ニュース

「駅ビル・エキナカ」から出る食品残渣、メタン発酵して発電

JFEエンジニアリングとJR東日本グループが共同で

2018/11/14 10:53
工藤宗介=技術ライター
印刷用ページ
食品リサイクルプラント
(出所:Jバイオフードリサイクル)
クリックすると拡大した画像が開きます

 JFEエンジニアリンググループのJバイオフードリサイクル(横浜市)は、本社隣接地で建設を進めてきた食品リサイクルプラントが8月に完成し、11月6日から本格的に食品リサイクル・バイオガス発電事業を開始した。同日、発電式を開催した。

 JR東日本グループの駅ビルやエキナカなどから回収した日量80tの食品廃棄物を微生物により発酵させ、発生するメタンガスを燃料にガスエンジンを稼働して発電する。定格出力は1.8MW、年間発電量は約1万1000MWhを見込み、これは約3000世帯分に相当する。

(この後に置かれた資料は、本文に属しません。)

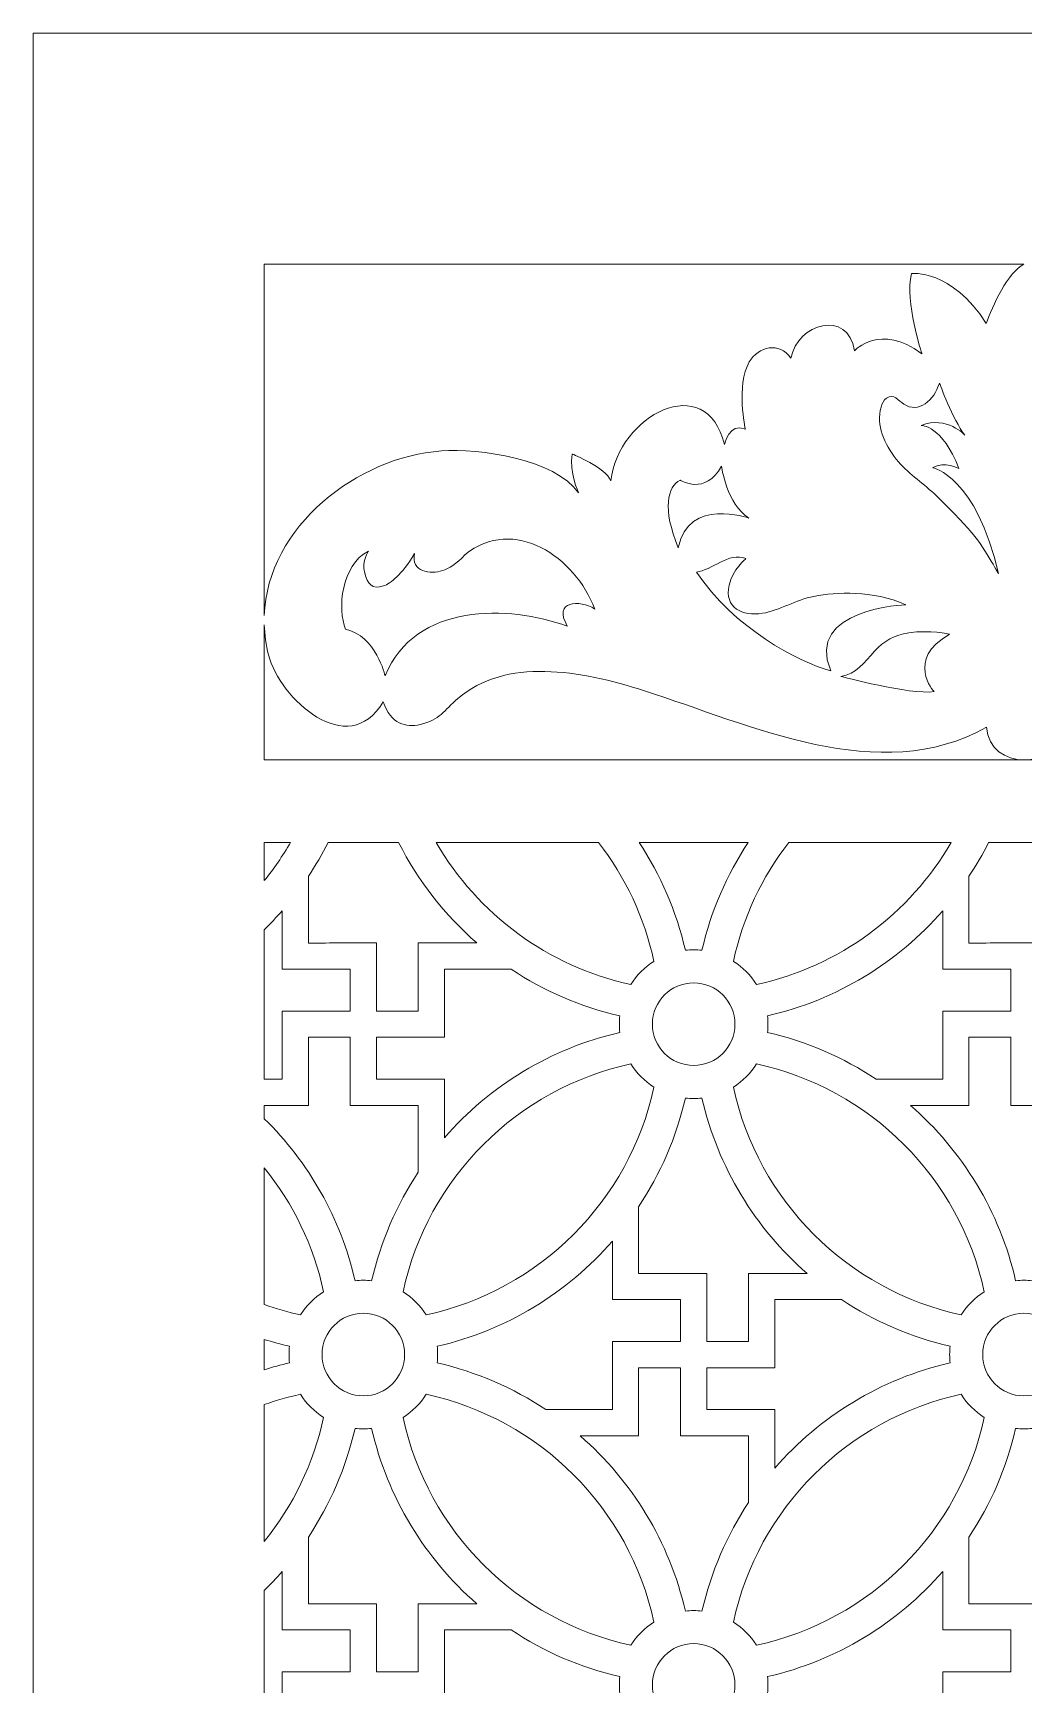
# Model space of a CAD drawing. Header units: centimetres. Extents: x -9.1 to 7, y -12.9 to 14.2.
# Drawn here: x -0.35 to 3.35, y 8.01 to 14.17 of the extents above; entities that cross this region are included whole.
import ezdxf

# ---------------------------------------------------------------- set-up
doc = ezdxf.new("R2010")
doc.units = ezdxf.units.CM
doc.header["$MEASUREMENT"] = 0
doc.layers.add('layer 1', color=7, linetype='Continuous')

msp = doc.modelspace()

# ---------------------------------------------------------------- linework, layer by layer
at = {"layer": 'layer 1', "color": 242, "lineweight": 9}
for points, knots in [([(7.04084, 14.17218), (4.57774, 14.17218), (2.11464, 14.17218), (-0.34845, 14.17218), (-0.34845, 14.17218), (-0.34845, 5.93996), (-0.34845, -2.29226), (-0.34845, -10.52447), (-0.34845, -10.52447), (-0.34844, -10.52447), (-0.34841, -10.52447), (-0.3484, -10.52447), (-0.3484, -10.52447), (-0.3484, -11.32362), (-0.3484, -12.12276), (-0.3484, -12.9219), (-0.3484, -12.9219), (-0.06103, -12.9219), (0.22633, -12.9219), (0.51369, -12.9219), (0.51369, -12.9219), (0.51369, -12.79874), (0.51369, -12.67559), (0.51369, -12.55244), (0.51369, -12.55244), (0.81766, -12.55244), (1.12162, -12.55244), (1.42559, -12.55244), (1.42559, -12.55244), (1.42559, -12.31178), (1.42559, -12.07112), (1.42559, -11.83046), (1.42559, -11.83046), (1.54856, -11.82801), (1.67153, -11.82557), (1.79451, -11.8231), (1.79451, -11.8231), (1.81634, -11.88537), (1.84496, -11.93938), (1.89247, -11.98704), (1.89247, -11.98704), (1.939, -12.03371), (1.98709, -12.06255), (2.04355, -12.07569), (2.04355, -12.07569), (2.11829, -12.09307), (2.19722, -12.0855), (2.25723, -12.03316), (2.25723, -12.03316), (2.31529, -11.9825), (2.34879, -11.90135), (2.36082, -11.82395), (2.36082, -11.82395), (2.39517, -11.82742), (2.4244, -11.82662), (2.45196, -11.82267), (2.45196, -11.82267), (2.58949, -11.80299), (2.65444, -11.71597), (2.66605, -11.58474), (2.66605, -11.58474), (2.6689, -11.5526), (2.66664, -11.52084), (2.65642, -11.4929), (2.65642, -11.4929), (2.65858, -11.49344), (2.66074, -11.49398), (2.6629, -11.49452), (2.6629, -11.49452), (2.71143, -11.5113), (2.75997, -11.52808), (2.80849, -11.54486), (2.80849, -11.54486), (2.83761, -11.84222), (3.06724, -12.07376), (3.34622, -12.07376), (3.34622, -12.07376), (3.6252, -12.07376), (3.85484, -11.84222), (3.88395, -11.54486), (3.88395, -11.54486), (3.93248, -11.52808), (3.98101, -11.5113), (4.02954, -11.49452), (4.02954, -11.49452), (4.0317, -11.49398), (4.03386, -11.49344), (4.03603, -11.4929), (4.03603, -11.4929), (4.02581, -11.52084), (4.02354, -11.5526), (4.0264, -11.58474), (4.0264, -11.58474), (4.038, -11.71597), (4.10296, -11.80299), (4.24048, -11.82267), (4.24048, -11.82267), (4.26804, -11.82662), (4.29727, -11.82742), (4.33162, -11.82395), (4.33162, -11.82395), (4.34365, -11.90135), (4.37715, -11.9825), (4.43522, -12.03316), (4.43522, -12.03316), (4.49523, -12.0855), (4.57414, -12.09307), (4.64889, -12.07569), (4.64889, -12.07569), (4.70537, -12.06255), (4.75344, -12.03371), (4.79996, -11.98704), (4.79996, -11.98704), (4.84749, -11.93938), (4.8761, -11.88537), (4.89794, -11.8231), (4.89794, -11.8231), (5.02091, -11.82557), (5.14388, -11.82801), (5.26686, -11.83046), (5.26686, -11.83046), (5.26686, -12.07112), (5.26686, -12.31178), (5.26686, -12.55244), (5.26686, -12.55244), (5.57082, -12.55244), (5.87478, -12.55244), (6.17876, -12.55244), (6.17876, -12.55244), (6.17876, -12.67559), (6.17876, -12.79874), (6.17876, -12.9219), (6.17876, -12.9219), (6.46612, -12.9219), (6.75348, -12.9219), (7.04084, -12.9219), (7.04084, -12.9219), (7.04084, -12.12276), (7.04084, -11.32362), (7.04084, -10.52447), (7.04084, -10.52447), (7.04084, -2.29226), (7.04084, 5.93996), (7.04084, 14.17218)], [0, 0, 0, 0, 0.027027, 0.027027, 0.027027, 0.027027, 0.0540541, 0.0540541, 0.0540541, 0.0540541, 0.0810811, 0.0810811, 0.0810811, 0.0810811, 0.1081081, 0.1081081, 0.1081081, 0.1081081, 0.1351351, 0.1351351, 0.1351351, 0.1351351, 0.1621622, 0.1621622, 0.1621622, 0.1621622, 0.1891892, 0.1891892, 0.1891892, 0.1891892, 0.2162162, 0.2162162, 0.2162162, 0.2162162, 0.2432432, 0.2432432, 0.2432432, 0.2432432, 0.2702703, 0.2702703, 0.2702703, 0.2702703, 0.2972973, 0.2972973, 0.2972973, 0.2972973, 0.3243243, 0.3243243, 0.3243243, 0.3243243, 0.3513514, 0.3513514, 0.3513514, 0.3513514, 0.3783784, 0.3783784, 0.3783784, 0.3783784, 0.4054054, 0.4054054, 0.4054054, 0.4054054, 0.4324324, 0.4324324, 0.4324324, 0.4324324, 0.4594595, 0.4594595, 0.4594595, 0.4594595, 0.4864865, 0.4864865, 0.4864865, 0.4864865, 0.5135135, 0.5135135, 0.5135135, 0.5135135, 0.5405405, 0.5405405, 0.5405405, 0.5405405, 0.5675676, 0.5675676, 0.5675676, 0.5675676, 0.5945946, 0.5945946, 0.5945946, 0.5945946, 0.6216216, 0.6216216, 0.6216216, 0.6216216, 0.6486486, 0.6486486, 0.6486486, 0.6486486, 0.6756757, 0.6756757, 0.6756757, 0.6756757, 0.7027027, 0.7027027, 0.7027027, 0.7027027, 0.7297297, 0.7297297, 0.7297297, 0.7297297, 0.7567568, 0.7567568, 0.7567568, 0.7567568, 0.7837838, 0.7837838, 0.7837838, 0.7837838, 0.8108108, 0.8108108, 0.8108108, 0.8108108, 0.8378378, 0.8378378, 0.8378378, 0.8378378, 0.8648649, 0.8648649, 0.8648649, 0.8648649, 0.8918919, 0.8918919, 0.8918919, 0.8918919, 0.9189189, 0.9189189, 0.9189189, 0.9189189, 0.9459459, 0.9459459, 0.9459459, 0.9459459, 1, 1, 1, 1]), ([(0.51363, 12.0004), (0.51363, 12.43696), (0.51363, 12.87353), (0.51363, 13.31009), (0.51363, 13.31009), (1.45781, 13.31009), (2.402, 13.31009), (3.34618, 13.31009), (3.34618, 13.31009), (3.28732, 13.28304), (3.22741, 13.15303), (3.20582, 13.08929), (3.20582, 13.08929), (3.07531, 13.29329), (2.92708, 13.27586), (2.92708, 13.27586), (2.92708, 13.27586), (2.90078, 13.17069), (2.96565, 12.97694), (2.96565, 12.97694), (2.96565, 12.97694), (2.80961, 13.09319), (2.71492, 12.98801), (2.71492, 12.98801), (2.71492, 12.98801), (2.68865, 13.14284), (2.50263, 13.09111), (2.47725, 12.96056), (2.47725, 12.96056), (2.43414, 13.02256), (2.35603, 13.00443), (2.32213, 12.94607), (2.32213, 12.94607), (2.2713, 12.85855), (2.30743, 12.69556), (2.30743, 12.69556), (2.30743, 12.69556), (2.24752, 12.72286), (2.22963, 12.63815), (2.22963, 12.63815), (2.22963, 12.63815), (2.16177, 12.91994), (1.83275, 12.74558), (1.80583, 12.50296), (1.80583, 12.50296), (1.78837, 12.55195), (1.66229, 12.60298), (1.66229, 12.60298), (1.66229, 12.60298), (1.64871, 12.53765), (1.68556, 12.45805), (1.68556, 12.45805), (1.68556, 12.45805), (1.59629, 12.58556), (1.31489, 12.62411), (1.17393, 12.61435), (1.17393, 12.61435), (0.86305, 12.59283), (0.52515, 12.33315), (0.51363, 12.0004)], [0, 0, 0, 0, 0.0625, 0.0625, 0.0625, 0.0625, 0.125, 0.125, 0.125, 0.125, 0.1875, 0.1875, 0.1875, 0.1875, 0.25, 0.25, 0.25, 0.25, 0.3125, 0.3125, 0.3125, 0.3125, 0.375, 0.375, 0.375, 0.375, 0.4375, 0.4375, 0.4375, 0.4375, 0.5, 0.5, 0.5, 0.5, 0.5625, 0.5625, 0.5625, 0.5625, 0.625, 0.625, 0.625, 0.625, 0.6875, 0.6875, 0.6875, 0.6875, 0.75, 0.75, 0.75, 0.75, 0.8125, 0.8125, 0.8125, 0.8125, 0.875, 0.875, 0.875, 0.875, 1, 1, 1, 1]), ([(3.03102, 12.86751), (3.03102, 12.86751), (3.08003, 12.73193), (3.12624, 12.67297), (3.12624, 12.67297), (3.12624, 12.67297), (3.05903, 12.74665), (2.96241, 12.70981), (2.96241, 12.70981), (2.96241, 12.70981), (3.04222, 12.70981), (3.10384, 12.54919), (3.10384, 12.54919), (3.10384, 12.54919), (3.05063, 12.57719), (3.00581, 12.55213), (3.00581, 12.55213), (3.00581, 12.55213), (3.16825, 12.51971), (3.25088, 12.15719), (3.25088, 12.15719), (3.25088, 12.15719), (3.19625, 12.26034), (3.14304, 12.3193), (3.14304, 12.3193), (3.14304, 12.3193), (3.07577, 12.39474), (3.01106, 12.45524), (3.01106, 12.45524), (2.96415, 12.49908), (2.91103, 12.53246), (2.87025, 12.58358), (2.87025, 12.58358), (2.82559, 12.63962), (2.79364, 12.71053), (2.81325, 12.77772), (2.81325, 12.77772), (2.81688, 12.79017), (2.82313, 12.80383), (2.8337, 12.81116), (2.8337, 12.81116), (2.86044, 12.82965), (2.87813, 12.80185), (2.8978, 12.78908), (2.8978, 12.78908), (2.95345, 12.75291), (3.01084, 12.8025), (3.03102, 12.86751)], [0, 0, 0, 0, 0.0769231, 0.0769231, 0.0769231, 0.0769231, 0.1538462, 0.1538462, 0.1538462, 0.1538462, 0.2307692, 0.2307692, 0.2307692, 0.2307692, 0.3076923, 0.3076923, 0.3076923, 0.3076923, 0.3846154, 0.3846154, 0.3846154, 0.3846154, 0.4615385, 0.4615385, 0.4615385, 0.4615385, 0.5384615, 0.5384615, 0.5384615, 0.5384615, 0.6153846, 0.6153846, 0.6153846, 0.6153846, 0.6923077, 0.6923077, 0.6923077, 0.6923077, 0.7692308, 0.7692308, 0.7692308, 0.7692308, 0.8461538, 0.8461538, 0.8461538, 0.8461538, 1, 1, 1, 1]), ([(2.06469, 12.50496), (2.06469, 12.50496), (2.15838, 12.4471), (2.21836, 12.55755), (2.21836, 12.55755), (2.21836, 12.55755), (2.23834, 12.41424), (2.3208, 12.36428), (2.3208, 12.36428), (2.3208, 12.36428), (2.09467, 12.44316), (2.05719, 12.25383), (2.05719, 12.25383), (1.99706, 12.39778), (2.01702, 12.48279), (2.06469, 12.50496)], [0, 0, 0, 0, 0.2, 0.2, 0.2, 0.2, 0.4, 0.4, 0.4, 0.4, 0.6, 0.6, 0.6, 0.6, 1, 1, 1, 1]), ([(0.9019, 12.24071), (0.9019, 12.24071), (0.87622, 12.20692), (0.88839, 12.15871), (0.88839, 12.15871), (0.89812, 12.12013), (0.91656, 12.09647), (0.95801, 12.11111), (0.95801, 12.11111), (0.98606, 12.12103), (1.02536, 12.15162), (1.07397, 12.2317), (1.07397, 12.2317), (1.05871, 12.16403), (1.13483, 12.15326), (1.17818, 12.16835), (1.17818, 12.16835), (1.20113, 12.17633), (1.23028, 12.19306), (1.26143, 12.22729), (1.26143, 12.22729), (1.44463, 12.37539), (1.67375, 12.21898), (1.74583, 12.02516), (1.74583, 12.02516), (1.68982, 12.06133), (1.58863, 12.05616), (1.6436, 11.96129), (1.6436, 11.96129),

 ボイラー製造およびEPC(設計・調達・施工)はJFEエンジニアリングが担当した。発電した電力の約1割を食品リサイクルプラントなど施設全体の稼働に使い、残りを固定価格買取制度(FIT)を活用してJFEエンジニアリング100%子会社の電力小売会社であるアーバンエナジー(横浜市)に売電する。売電単価は39円/kWh。

 Jバイオフードリサイクルは、JFEエンジニアリンググループとJR東日本東日本グループが2016年に共同設立した。資本金は6000万円で、出資比率はJFEエンジニアリングが10%、JFE環境が56%、東日本旅客鉄道(JR東日本)が17%、東日本環境アクセスが17%。